Records drawn from a dataset
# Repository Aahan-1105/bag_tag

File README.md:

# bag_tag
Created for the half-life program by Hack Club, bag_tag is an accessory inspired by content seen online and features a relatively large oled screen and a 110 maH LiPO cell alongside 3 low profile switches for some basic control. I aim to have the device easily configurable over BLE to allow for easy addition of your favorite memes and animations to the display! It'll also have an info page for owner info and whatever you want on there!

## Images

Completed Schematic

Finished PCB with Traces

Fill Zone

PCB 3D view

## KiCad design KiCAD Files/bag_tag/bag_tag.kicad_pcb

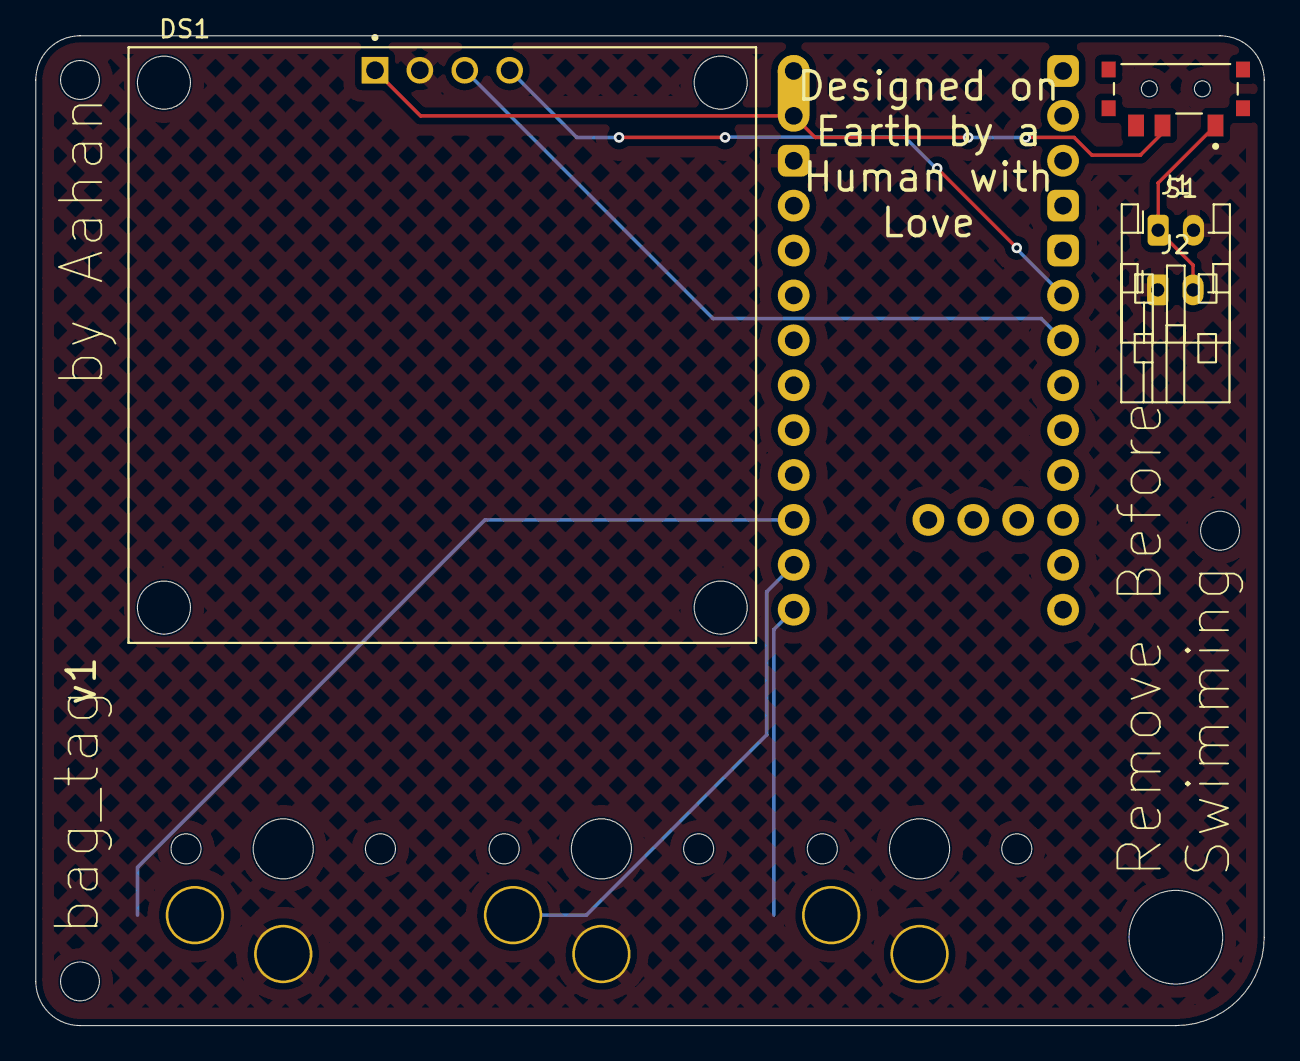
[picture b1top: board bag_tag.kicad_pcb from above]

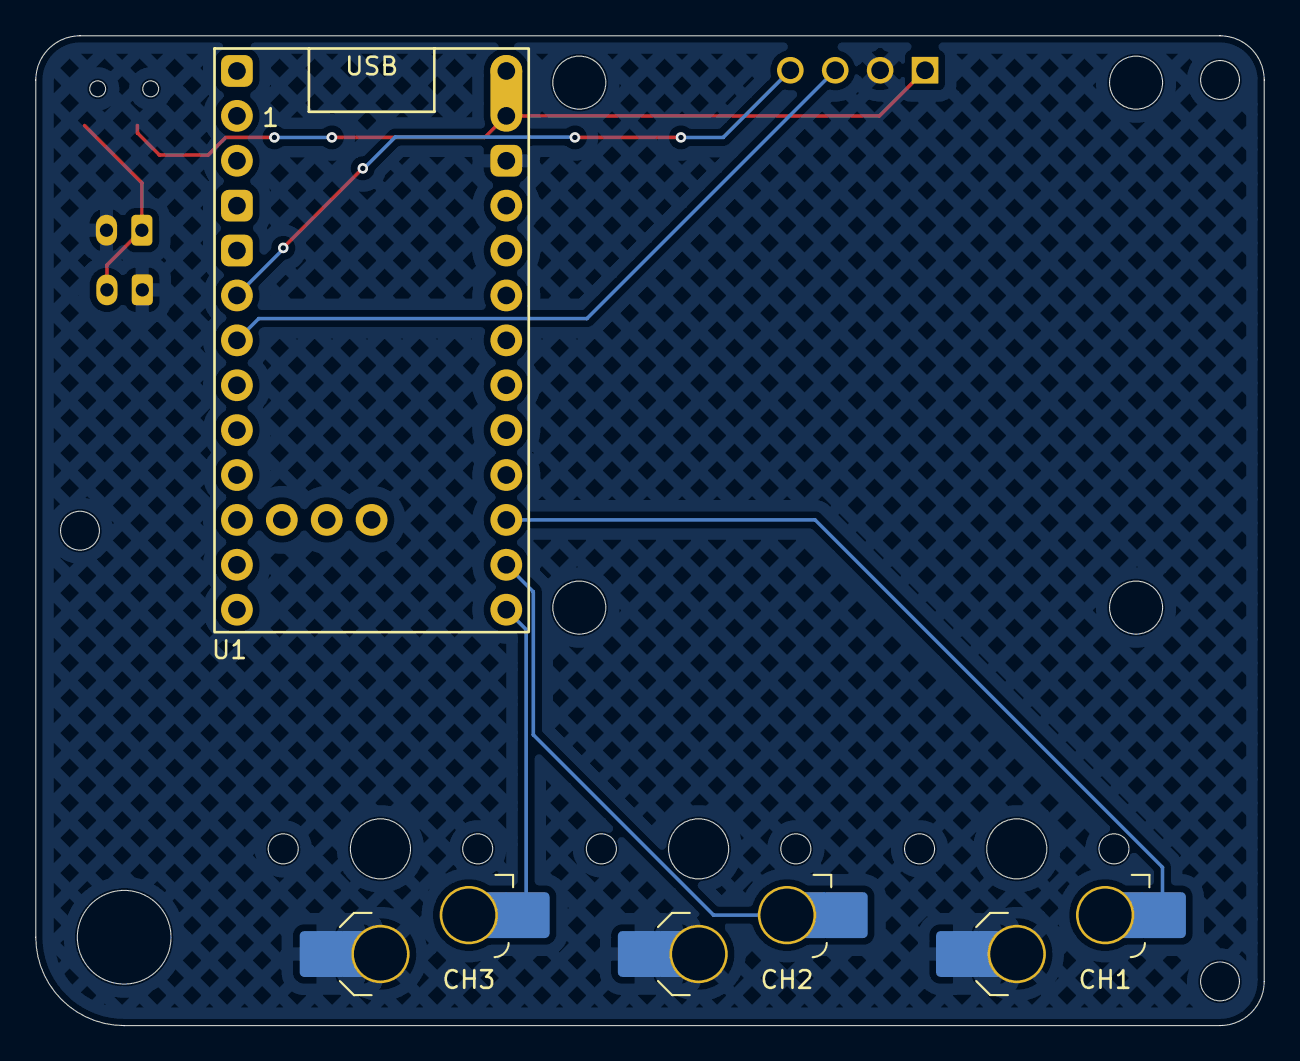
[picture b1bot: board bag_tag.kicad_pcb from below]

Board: 2 copper layers, 69.5 x 56.0 mm, 8 parts (4 on the bottom side), 8 nets.

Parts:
CH1, CH2, CH3: choc_v1_SW_HS; SW_choc_v1_HS_CPG135001S30_1u
DS1: OLED_128X64_1.3_I2C; LCD_OLED_128X64_1.3_I2C
J1, J2: Conn_01x02_Socket; JST_PH_S2B-PH-K_1x02_P2.00mm_Horizontal
S1: MSK12C02; SW_MSK12C02
U1: nice_nano; nice_nano_AH_USBup

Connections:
+BATT: J1.1, J2.2, S1.1
/SCK: DS1.3 (SCK), U1.6 (P0.20)
/SDA: DS1.4 (SDA), U1.5 (P0.17)
/SW1: CH1.1, U1.22 (P1.11-LF)
/SW2: CH2.1, U1.23 (P0.10-LF)
/SW3: CH3.1, U1.24 (P0.09-LF)
GND: CH1.2, CH2.2, CH3.2, DS1.2 (GND), J1.2, J2.1, U1.14 (GND)
VCC: DS1.1 (VDD), S1.2, U1.13 (BAT+), U1.29 (BAT+)

▸ **What you have to do**
Because only the text is wanted, copy each record above precisely and omit its pictures.

▸ **Exercise output**
# Repository Aahan-1105/bag_tag

File README.md:

# bag_tag
Created for the half-life program by Hack Club, bag_tag is an accessory inspired by content seen online and features a relatively large oled screen and a 110 maH LiPO cell alongside 3 low profile switches for some basic control. I aim to have the device easily configurable over BLE to allow for easy addition of your favorite memes and animations to the display! It'll also have an info page for owner info and whatever you want on there!

## Images

Completed Schematic

Finished PCB with Traces

Fill Zone

PCB 3D view

## KiCad design KiCAD Files/bag_tag/bag_tag.kicad_pcb

[picture b1top: board bag_tag.kicad_pcb from above]

[picture b1bot: board bag_tag.kicad_pcb from below]

Board: 2 copper layers, 69.5 x 56.0 mm, 8 parts (4 on the bottom side), 8 nets.

Parts:
CH1, CH2, CH3: choc_v1_SW_HS; SW_choc_v1_HS_CPG135001S30_1u
DS1: OLED_128X64_1.3_I2C; LCD_OLED_128X64_1.3_I2C
J1, J2: Conn_01x02_Socket; JST_PH_S2B-PH-K_1x02_P2.00mm_Horizontal
S1: MSK12C02; SW_MSK12C02
U1: nice_nano; nice_nano_AH_USBup

Connections:
+BATT: J1.1, J2.2, S1.1
/SCK: DS1.3 (SCK), U1.6 (P0.20)
/SDA: DS1.4 (SDA), U1.5 (P0.17)
/SW1: CH1.1, U1.22 (P1.11-LF)
/SW2: CH2.1, U1.23 (P0.10-LF)
/SW3: CH3.1, U1.24 (P0.09-LF)
GND: CH1.2, CH2.2, CH3.2, DS1.2 (GND), J1.2, J2.1, U1.14 (GND)
VCC: DS1.1 (VDD), S1.2, U1.13 (BAT+), U1.29 (BAT+)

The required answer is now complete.